Spells for Forgetting(7)



I punched the keys on the old register, my finger slipping from the number nine as the words left her mouth. The key snapped back, leaving a smear of black ink on the receipt paper.

“Well, welcome back,” I said, still holding the practiced smile.

“We came every year when I was a kid, back when the woman who owned this shop read tea leaves. My mother always got a reading.” She glanced at the pine hutch at the back of the shop, where the old cups and saucers were arranged neatly.

My eyes landed on the green, gold-rimmed teacup with a crack on its lip that sat on the top shelf. I hadn’t touched it in fourteen years, and I’d sworn I never would again.

“Yeah, well, we haven’t offered readings in a long time.” I started over with a steady hand, hitting the numbers again in a fixed rhythm.

It had been six years, to be exact. My mother was the last person to read the leaves in this shop. As far as I was concerned, it would stay that way.

“Oh.” She frowned. “You really should. Adds to the whole experience, you know?”

I stared at her, studying the perfect line of her lipstick, painted in almost the exact same shade as her coat. Her manicured fingernails tapped the counter between us.

“We stopped coming after the fire, of course. Couldn’t believe it when we heard. It was all over the news for months. Same night that poor girl died, wasn’t it? What was her name? Lily?”

I bit down on my bottom lip when I heard it—the clinking of the teacups on their saucers in the hutch. They softly rattled and the woman’s eyes drifted that way again, narrowing, as the sound faded into the soft patter of raindrops on the roof.
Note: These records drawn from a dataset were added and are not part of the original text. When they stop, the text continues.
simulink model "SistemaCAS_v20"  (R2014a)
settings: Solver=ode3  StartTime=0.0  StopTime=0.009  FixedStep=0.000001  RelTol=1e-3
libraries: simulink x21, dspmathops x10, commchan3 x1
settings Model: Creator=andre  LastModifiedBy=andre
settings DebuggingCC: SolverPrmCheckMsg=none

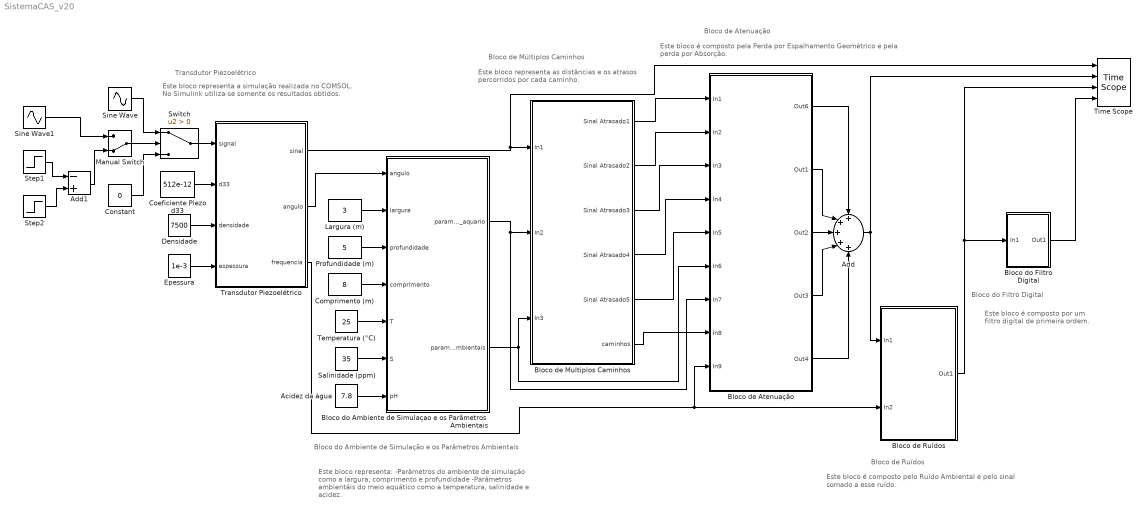
== system SistemaCAS_v20 ==
  note: Este bloco representa a simulação realizada no COMSOL. No Simulink utiliza-se somente os resultados obtidos.
  note: Transdutor Piezoelétrico
  note: Este bloco representa:
      | -Parâmetros do ambiente de simulação como a largura, comprimento e profundidade
      | -Parâmetros ambientáis do meio aquático como a temperatura, salinidade e acidez.
  note: Bloco do Ambiente de Simulação e os Parâmetros Ambientais
  note: Este bloco representa as distâncias e
      | os atrasos percorridos por cada caminho.
  note: Bloco de Múltiplos Caminhos
  note: Este bloco é composto pela Perda por Espalhamento Geométrico e pela perda por Absorção.
  note: Bloco de Atenuação
  note: Este bloco é composto pelo Ruído Ambiental e pelo sinal somado a esse ruído.
  note: Bloco de Ruídos
  note: Este bloco é composto
      | por um filtro digital
      | de primeira ordem.
  note: Bloco do Filtro Digital
  Acidez da água : Constant  Value=7.8
  Add : Sum  Inputs=+++++
  Add1 : Sum  Inputs=-+
  Bloco de Atenuação : Subsystem
  Bloco de Multiplos Caminhos : Subsystem
  Bloco de Ruídos : Subsystem
  Bloco do Ambiente de Simulaçao e os Parâmetros Ambientais : MATLAB Function  TreatAsAtomicUnit=on
  Bloco do Filtro Digital : Subsystem
  Coeficiente Piezo d33 : Constant  Value=512e-12
  Comprimento (m) : Constant  Value=8
  Constant : Constant  Value=0
  Densidade : Constant  Value=7500
  Epessura : Constant  Value=1e-3
  Largura (m) : Constant  Value=3
  Manual Switch : ManualSwitch  CurrentSetting=0
  Profundidade (m) : Constant  Value=5
  Salinidade (ppm) : Constant  Value=35
  Sine Wave : Sin  Amplitude=10  Frequency=19670*(2*pi)  Samples=51  SampleTime=1/1000000
  Sine Wave1 : Sin  Amplitude=10  Frequency=2000*(2*pi)  Samples=100  SampleTime=1/1000000
  Step1 : Step  Time=5*(1/19670)  SampleTime=1/1000000
  Step2 : Step  Time=0  SampleTime=1/1000000
  Switch : Switch  Criteria=u2 > Threshold
  Temperatura (°C) : Constant  Value=25
  Time Scope : TimeScope  NumInputPorts=4  DefaultConfigurationName=spbscopes.TimeScopeBlockCfg
  Transdutor Piezoelétrico : MATLAB Function  TreatAsAtomicUnit=on
  wires:
  Sine Wave/1 -> Switch/1
  Constant/1 -> Switch/3
  Largura (m)/1 -> Bloco do Ambiente de Simulaçao e os Parâmetros Ambientais/2(largura)
  Profundidade (m)/1 -> Bloco do Ambiente de Simulaçao e os Parâmetros Ambientais/3(profundidade)
  Coeficiente Piezo d33/1 -> Transdutor Piezoelétrico/2(d33)
  Densidade/1 -> Transdutor Piezoelétrico/3(densidade)
  Epessura/1 -> Transdutor Piezoelétrico/4(espessura)
  Transdutor Piezoelétrico/2(angulo) -> Bloco do Ambiente de Simulaçao e os Parâmetros Ambientais/1(angulo)
  Bloco do Ambiente de Simulaçao e os Parâmetros Ambientais/1(parametros_aquario) -> Bloco de Atenuação/7(In7), Bloco de Multiplos Caminhos/2(In2)
  Bloco do Ambiente de Simulaçao e os Parâmetros Ambientais/2(parametros_ambientais) -> Bloco de Multiplos Caminhos/3(In3), Bloco de Atenuação/6(In6)
  Switch/1 -> Transdutor Piezoelétrico/1(signal)
  Transdutor Piezoelétrico/3(frequencia) -> Bloco de Ruídos/2(In2), Bloco de Atenuação/9(In9)
  Temperatura (°C)/1 -> Bloco do Ambiente de Simulaçao e os Parâmetros Ambientais/5(T)
  Salinidade (ppm)/1 -> Bloco do Ambiente de Simulaçao e os Parâmetros Ambientais/6(S)
  Acidez da água/1 -> Bloco do Ambiente de Simulaçao e os Parâmetros Ambientais/7(pH)
  Bloco de Multiplos Caminhos/1(Sinal Atrasado1) -> Bloco de Atenuação/1(In1)
  Bloco de Multiplos Caminhos/2(Sinal Atrasado2) -> Bloco de Atenuação/2(In2)
  Bloco de Multiplos Caminhos/3(Sinal Atrasado3) -> Bloco de Atenuação/3(In3)
  Bloco de Multiplos Caminhos/5(Sinal Atrasado5) -> Bloco de Atenuação/5(In5)
  Bloco de Multiplos Caminhos/6(caminhos) -> Bloco de Atenuação/8(In8)
  Bloco de Multiplos Caminhos/4(Sinal Atrasado4) -> Bloco de Atenuação/4(In4)
  Add/1 -> Bloco de Ruídos/1(In1), Time Scope/2
  Bloco de Atenuação/1(Out6) -> Add/1
  Bloco de Atenuação/2(Out1) -> Add/2
  Bloco de Atenuação/3(Out2) -> Add/3
  Bloco de Atenuação/4(Out3) -> Add/4
  Bloco de Atenuação/5(Out4) -> Add/5
  Comprimento (m)/1 -> Bloco do Ambiente de Simulaçao e os Parâmetros Ambientais/4(comprimento)
  Bloco de Ruídos/1(Out1) -> Time Scope/3, Bloco do Filtro Digital/1(In1)
  Step1/1 -> Add1/1
  Step2/1 -> Add1/2
  Manual Switch/1 -> Switch/2
  Sine Wave1/1 -> Manual Switch/1
  Add1/1 -> Manual Switch/2
  Transdutor Piezoelétrico/1(sinal) -> Time Scope/1, Bloco de Multiplos Caminhos/1(In1)
  Bloco do Filtro Digital/1(Out1) -> Time Scope/4

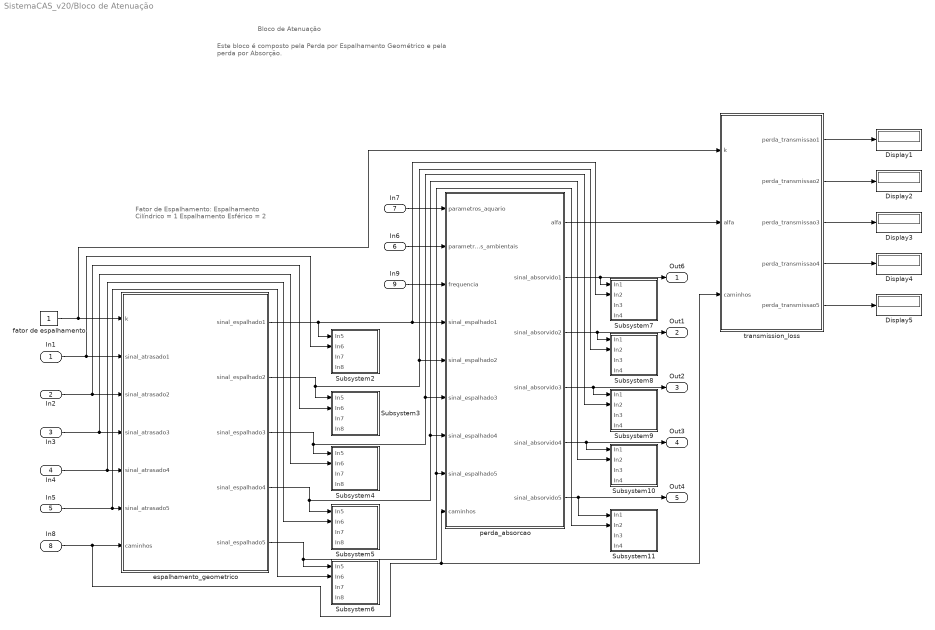
== system SistemaCAS_v20/Bloco de Atenuação ==
  note: Fator de Espalhamento:
      |
      | Espalhamento Cilíndrico = 1
      | Espalhamento Esférico = 2
  note: Este bloco é composto pela Perda por Espalhamento Geométrico e pela perda por Absorção.
  note: Bloco de Atenuação
  In1 : Inport
  In2 : Inport  Port=2
  In3 : Inport  Port=3
  In4 : Inport  Port=4
  In5 : Inport  Port=5
  In6 : Inport  Port=6
  In7 : Inport  Port=7
  In8 : Inport  Port=8
  In9 : Inport  Port=9
  Display{1..5} (5 alike) : Display
      settings: Decimation=2
  Subsystem10 : Subsystem
  Subsystem11 : Subsystem
  Subsystem2 : Subsystem
  Subsystem3 : Subsystem
  Subsystem4 : Subsystem
  Subsystem5 : Subsystem
  Subsystem6 : Subsystem
  Subsystem7 : Subsystem
  Subsystem8 : Subsystem
  Subsystem9 : Subsystem
  espalhamento_geometrico : MATLAB Function  TreatAsAtomicUnit=on
  fator de espalhamento : Constant
  perda_absorcao : MATLAB Function  TreatAsAtomicUnit=on
  transmission_loss : MATLAB Function  TreatAsAtomicUnit=on
  Out6 : Outport
  Out1 : Outport  Port=2
  Out2 : Outport  Port=3
  Out3 : Outport  Port=4
  Out4 : Outport  Port=5
  wires:
  espalhamento_geometrico/1(sinal_espalhado1) -> Subsystem2/1(In5), perda_absorcao/4(sinal_espalhado1), Subsystem7/2(In2)
  In1/1 -> Subsystem2/2(In6), espalhamento_geometrico/2(sinal_atrasado1)
  In3/1 -> Subsystem4/2(In6), espalhamento_geometrico/4(sinal_atrasado3)
  In4/1 -> Subsystem5/2(In6), espalhamento_geometrico/5(sinal_atrasado4)
  fator de espalhamento/1 -> transmission_loss/1(k), espalhamento_geometrico/1(k)
  espalhamento_geometrico/2(sinal_espalhado2) -> Subsystem3/1(In5), perda_absorcao/5(sinal_espalhado2), Subsystem8/2(In2)
  espalhamento_geometrico/5(sinal_espalhado5) -> Subsystem6/1(In5), Subsystem11/2(In2), perda_absorcao/8(sinal_espalhado5)
  espalhamento_geometrico/3(sinal_espalhado3) -> Subsystem4/1(In5), perda_absorcao/6(sinal_espalhado3), Subsystem9/2(In2)
  espalhamento_geometrico/4(sinal_espalhado4) -> Subsystem5/1(In5), perda_absorcao/7(sinal_espalhado4), Subsystem10/2(In2)
  In6/1 -> perda_absorcao/2(parametros_ambientais)
  In7/1 -> perda_absorcao/1(parametros_aquario)
  In9/1 -> perda_absorcao/3(frequencia)
  perda_absorcao/2(sinal_absorvido1) -> Subsystem7/1(In1), Out6/1
  perda_absorcao/5(sinal_absorvido4) -> Out3/1, Subsystem10/1(In1)
  perda_absorcao/6(sinal_absorvido5) -> Out4/1, Subsystem11/1(In1)
  transmission_loss/1(perda_transmissao1) -> Display1/1
  In2/1 -> Subsystem3/2(In6), espalhamento_geometrico/3(sinal_atrasado2)
  perda_absorcao/4(sinal_absorvido3) -> Out2/1, Subsystem9/1(In1)
  perda_absorcao/1(alfa) -> transmission_loss/2(alfa)
  perda_absorcao/3(sinal_absorvido2) -> Out1/1, Subsystem8/1(In1)
  In5/1 -> Subsystem6/2(In6), espalhamento_geometrico/6(sinal_atrasado5)
  In8/1 -> perda_absorcao/9(caminhos), transmission_loss/3(caminhos), espalhamento_geometrico/7(caminhos)
  transmission_loss/2(perda_transmissao2) -> Display2/1
  transmission_loss/3(perda_transmissao3) -> Display3/1
  transmission_loss/4(perda_transmissao4) -> Display4/1
  transmission_loss/5(perda_transmissao5) -> Display5/1

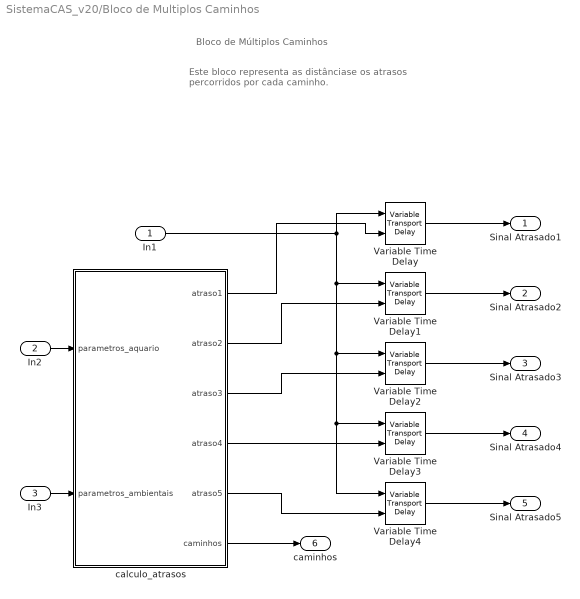
== system SistemaCAS_v20/Bloco de Multiplos Caminhos ==
  note: Este bloco representa as distânciase os atrasos percorridos por cada caminho.
  note: Bloco de Múltiplos Caminhos
  In1 : Inport
  In2 : Inport  Port=2
  In3 : Inport  Port=3
  Variable Time Delay{,1..4} (5 alike) : VariableTransportDelay  MaximumDelay=10
  calculo_atrasos : MATLAB Function  TreatAsAtomicUnit=on
  Sinal Atrasado1 : Outport
  Sinal Atrasado2 : Outport  Port=2
  Sinal Atrasado3 : Outport  Port=3
  Sinal Atrasado4 : Outport  Port=4
  Sinal Atrasado5 : Outport  Port=5
  caminhos : Outport  Port=6
  wires:
  calculo_atrasos/3(atraso3) -> Variable Time Delay2/2
  In2/1 -> calculo_atrasos/1(parametros_aquario)
  In3/1 -> calculo_atrasos/2(parametros_ambientais)
  In1/1 -> Variable Time Delay/1, Variable Time Delay1/1, Variable Time Delay2/1, Variable Time Delay4/1, Variable Time Delay3/1
  calculo_atrasos/1(atraso1) -> Variable Time Delay/2
  Variable Time Delay1/1 -> Sinal Atrasado2/1
  Variable Time Delay3/1 -> Sinal Atrasado4/1
  Variable Time Delay2/1 -> Sinal Atrasado3/1
  calculo_atrasos/6(caminhos) -> caminhos/1
  calculo_atrasos/2(atraso2) -> Variable Time Delay1/2
  calculo_atrasos/4(atraso4) -> Variable Time Delay3/2
  calculo_atrasos/5(atraso5) -> Variable Time Delay4/2
  Variable Time Delay/1 -> Sinal Atrasado1/1
  Variable Time Delay4/1 -> Sinal Atrasado5/1

== system SistemaCAS_v20/Bloco de Ruídos ==
  note: Este bloco é composto pelo Ruído Ambiental e pelo sinal somado a esse ruído.
  note: Bloco de Ruídos
  In1 : Inport
  In2 : Inport  Port=2
  AWGN Channel : commchan3/AWGN Channel  InputProcessing=Columns as channels (frame based)  seed=1  noiseMode=Variance from port  EbNodB=10  EsNodB=10  SNRdB=0  bitsPerSym=1  Ps=1  Tsym=1  variance=1
  To Workspace : ToWorkspace  VariableName=semruido  SaveFormat=Timeseries  SampleTime=-1
  To Workspace1 : ToWorkspace  VariableName=comruido  SaveFormat=Timeseries  SampleTime=-1
  fator de navegação (0-1) : Constant  Value=0
  ruido_ambiente : MATLAB Function  TreatAsAtomicUnit=on
  velocidade do vento (m/s) : Constant  Value=4.17
  Out1 : Outport
  wires:
  In2/1 -> ruido_ambiente/1(frequencia)
  AWGN Channel/1 -> Out1/1, To Workspace1/1
  fator de navegação (0-1)/1 -> ruido_ambiente/2(n)
  velocidade do vento (m/s)/1 -> ruido_ambiente/3(v)
  In1/1 -> To Workspace/1, AWGN Channel/1
  ruido_ambiente/1(ruido_total) -> AWGN Channel/2

== system SistemaCAS_v20/Bloco do Filtro Digital ==
  In1 : Inport
  Transfer Fcn First Order : simulink/Discrete/Transfer Fcn First Order  PoleZ=0.93  ICPrevOutput=0.0  RndMeth=Round  DoSatur=off
  Out1 : Outport
  wires:
  Transfer Fcn First Order/1 -> Out1/1
  In1/1 -> Transfer Fcn First Order/1

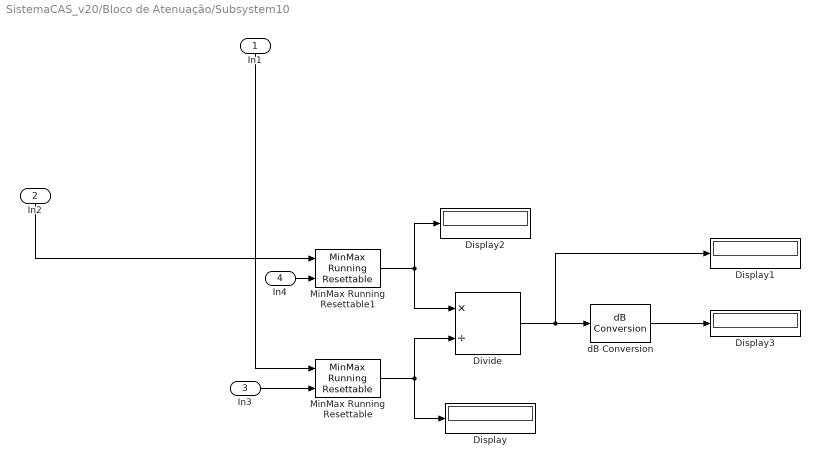
== system SistemaCAS_v20/Bloco de Atenuação/Subsystem10 ==
  In1 : Inport
  In2 : Inport  Port=2
  In3 : Inport  Port=3
  In4 : Inport  Port=4
  Display{,1..3} (4 alike) : Display
      Display1 settings: Decimation=2
      Display3 settings: Decimation=2
  Divide : Product  Inputs=*/
  MinMax Running Resettable : simulink/Math Operations/MinMax Running Resettable  Function=max  vinit=0.0
  MinMax Running Resettable1 : simulink/Math Operations/MinMax Running Resettable  Function=max  vinit=0.0
  dB Conversion : dspmathops/dB Conversion  dBtype=dB  intype=Power  R=1  fuzz=off
  wires:
  In4/1 -> MinMax Running Resettable1/2
  In1/1 -> MinMax Running Resettable/1
  In3/1 -> MinMax Running Resettable/2
  dB Conversion/1 -> Display3/1
  MinMax Running Resettable1/1 -> Display2/1, Divide/1
  MinMax Running Resettable/1 -> Display/1, Divide/2
  Divide/1 -> dB Conversion/1, Display1/1
  In2/1 -> MinMax Running Resettable1/1

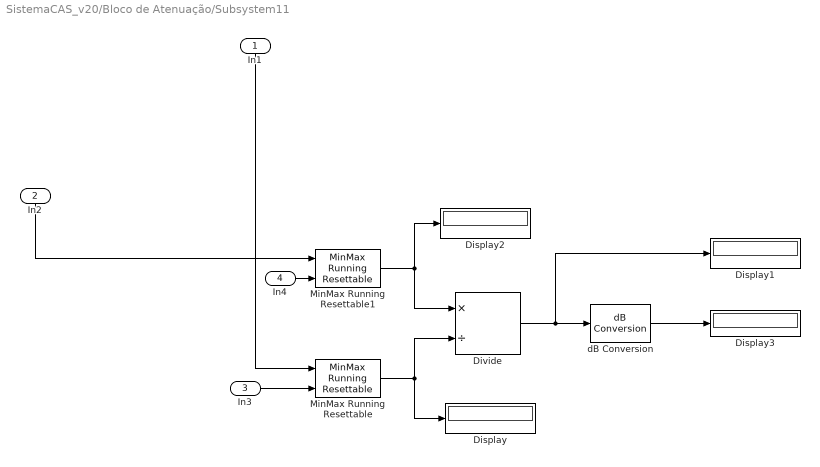
== system SistemaCAS_v20/Bloco de Atenuação/Subsystem11 ==
  In1 : Inport
  In2 : Inport  Port=2
  In3 : Inport  Port=3
  In4 : Inport  Port=4
  Display{,1..3} (4 alike) : Display
      Display1 settings: Decimation=2
      Display3 settings: Decimation=2
  Divide : Product  Inputs=*/
  MinMax Running Resettable : simulink/Math Operations/MinMax Running Resettable  Function=max  vinit=0.0
  MinMax Running Resettable1 : simulink/Math Operations/MinMax Running Resettable  Function=max  vinit=0.0
  dB Conversion : dspmathops/dB Conversion  dBtype=dB  intype=Power  R=1  fuzz=off
  wires:
  In4/1 -> MinMax Running Resettable1/2
  In1/1 -> MinMax Running Resettable/1
  In3/1 -> MinMax Running Resettable/2
  dB Conversion/1 -> Display3/1
  MinMax Running Resettable1/1 -> Display2/1, Divide/1
  MinMax Running Resettable/1 -> Display/1, Divide/2
  Divide/1 -> dB Conversion/1, Display1/1
  In2/1 -> MinMax Running Resettable1/1

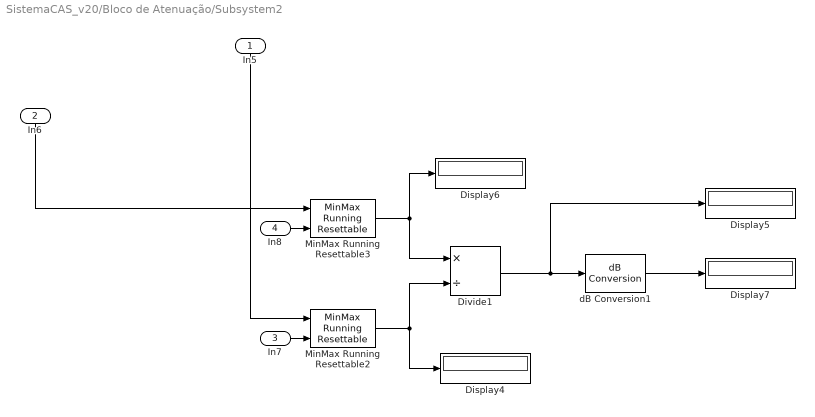
== system SistemaCAS_v20/Bloco de Atenuação/Subsystem2 ==
  In5 : Inport
  In6 : Inport  Port=2
  In7 : Inport  Port=3
  In8 : Inport  Port=4
  Display{4..7} (4 alike) : Display
      Display5 settings: Decimation=2
      Display7 settings: Decimation=2
  Divide1 : Product  Inputs=*/
  MinMax Running Resettable2 : simulink/Math Operations/MinMax Running Resettable  Function=max  vinit=0.0
  MinMax Running Resettable3 : simulink/Math Operations/MinMax Running Resettable  Function=max  vinit=0.0
  dB Conversion1 : dspmathops/dB Conversion  dBtype=dB  intype=Power  R=1  fuzz=off
  wires:
  In8/1 -> MinMax Running Resettable3/2
  In6/1 -> MinMax Running Resettable3/1
  In5/1 -> MinMax Running Resettable2/1
  In7/1 -> MinMax Running Resettable2/2
  dB Conversion1/1 -> Display7/1
  MinMax Running Resettable3/1 -> Display6/1, Divide1/1
  MinMax Running Resettable2/1 -> Display4/1, Divide1/2
  Divide1/1 -> dB Conversion1/1, Display5/1

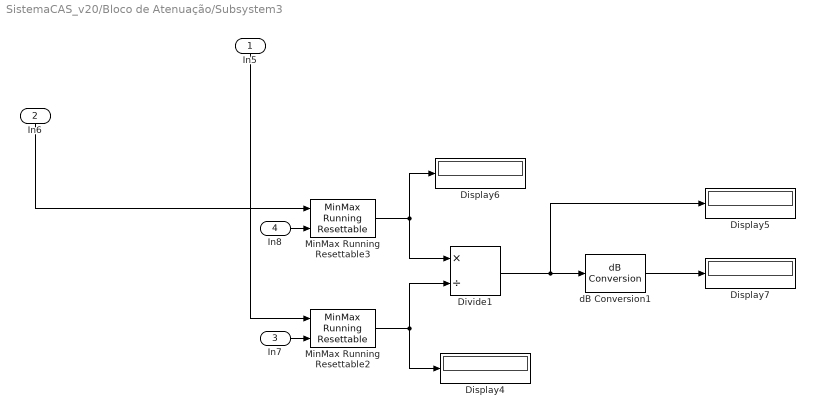
== system SistemaCAS_v20/Bloco de Atenuação/Subsystem3 ==
  In5 : Inport
  In6 : Inport  Port=2
  In7 : Inport  Port=3
  In8 : Inport  Port=4
  Display{4..7} (4 alike) : Display
      Display5 settings: Decimation=2
      Display7 settings: Decimation=2
  Divide1 : Product  Inputs=*/
  MinMax Running Resettable2 : simulink/Math Operations/MinMax Running Resettable  Function=max  vinit=0.0
  MinMax Running Resettable3 : simulink/Math Operations/MinMax Running Resettable  Function=max  vinit=0.0
  dB Conversion1 : dspmathops/dB Conversion  dBtype=dB  intype=Power  R=1  fuzz=off
  wires:
  In8/1 -> MinMax Running Resettable3/2
  In6/1 -> MinMax Running Resettable3/1
  In5/1 -> MinMax Running Resettable2/1
  In7/1 -> MinMax Running Resettable2/2
  dB Conversion1/1 -> Display7/1
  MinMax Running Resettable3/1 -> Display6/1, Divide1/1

I dropped the tea into a bag, tying the handles closed with twine and tightening the bow with a firm tug. “That’s right.”

“So strange, the whole thing.” She dropped her head just a little to see my face. “What do people around here think happened to her?”

I let my eyes meet hers then, for just a moment. I knew that look. The morbid curiosity. The twisted entertainment of it all. But this wasn’t the first time someone had come into the shop asking the very same questions.

There was an unspoken understanding on Saoirse. We didn’t talk about that night. Or Lily Morgan. Especially not to outsiders.

When I didn’t answer, the woman smiled sheepishly. “Anyway, I thought it was time to bring my daughter. Carry on the tradition, you know.” She patted the girl on the shoulder absently. “You wouldn’t know by the look of the orchard now. Everything’s so beautiful.”

“Well, it’s been a long time,” I said. And it had been. Fourteen years. But it didn’t matter how green the branches of the apple trees were now, I could still feel that black stain on the earth that the fire left behind.

I came around the counter, pulling the door open before I held the bag between us. She seemed to hesitate before she took it.

The little girl watched me from behind her mother, shrinking under my gaze.

“Thank you for coming in.”

She pulled the girl down the steps and her umbrella popped open as they made their way up the walk, toward the tree line in the distance. The wind outside had turned brisk, the clouds gathering overhead like a gentle smoke.

I stepped back inside, letting the door close behind me. The shop felt empty in a way that it hadn’t that morning. As if the warmth that usually hovered beneath the roof had escaped.

I reached up, pressing the tip of my finger to the crack in the window and tracing the line of it. The faint impression of feathers was dusted onto the glass where the starling had crashed into it, and my breath fogged around the tip of a wing.

The floorboards creaked beneath my feet as I walked back to the counter, picking up the bundle of rosemary Leoda had left. I twirled it between my fingers before I went to the door and lifted up on my toes to hang it over the threshold, like she’d instructed.

Maybe it was the talk of the fire or the argument with Dutch. Maybe it was the feeling that always seemed to haunt me this time of year, or the sudden turn of the trees. A coincidence, Nixie had called it. But we both knew there were no coincidences on Saoirse.





Four


    AUGUST


Fourteen years and nothing had changed.

The ferry drifted to a stop, filling the clean air with the smell of burning fuel as I peered over the railing to the dock below. The gray wood planks were stained green with algae along the edges, stretching between old, rusted fishing boats and anchored catamarans.

The ferry crew was readying to leave almost as soon as the first passenger made it down the stairs, and I shouldered my pack, waiting. They’d turn the ship around and make at least four more trips before the sun went down, but the day on the island was only getting started.

A cloud of pigeons descended on the deck as the crowd thinned, scrambling underfoot for whatever crumbs had been left behind, I pulled my hood up over my hat and the metal staircase rocked as I took the steps down to the dock. The longer I went without anyone recognizing me, the less complicated this would be. But the moment my feet hit the ground, I could feel the weight of the island.

The wood planks narrowed as I followed them to the harbor and I inched away as I passed the ticket booth, where a figure sat behind the fogged glass. I kept one shoulder turned toward the boats, careful not to meet eyes with whomever it was. Maybe one of the Galloway boys or a farmhand from the orchard who’d grown too old to shovel hay. Regardless, they’d know the story, and news traveled fast in this town.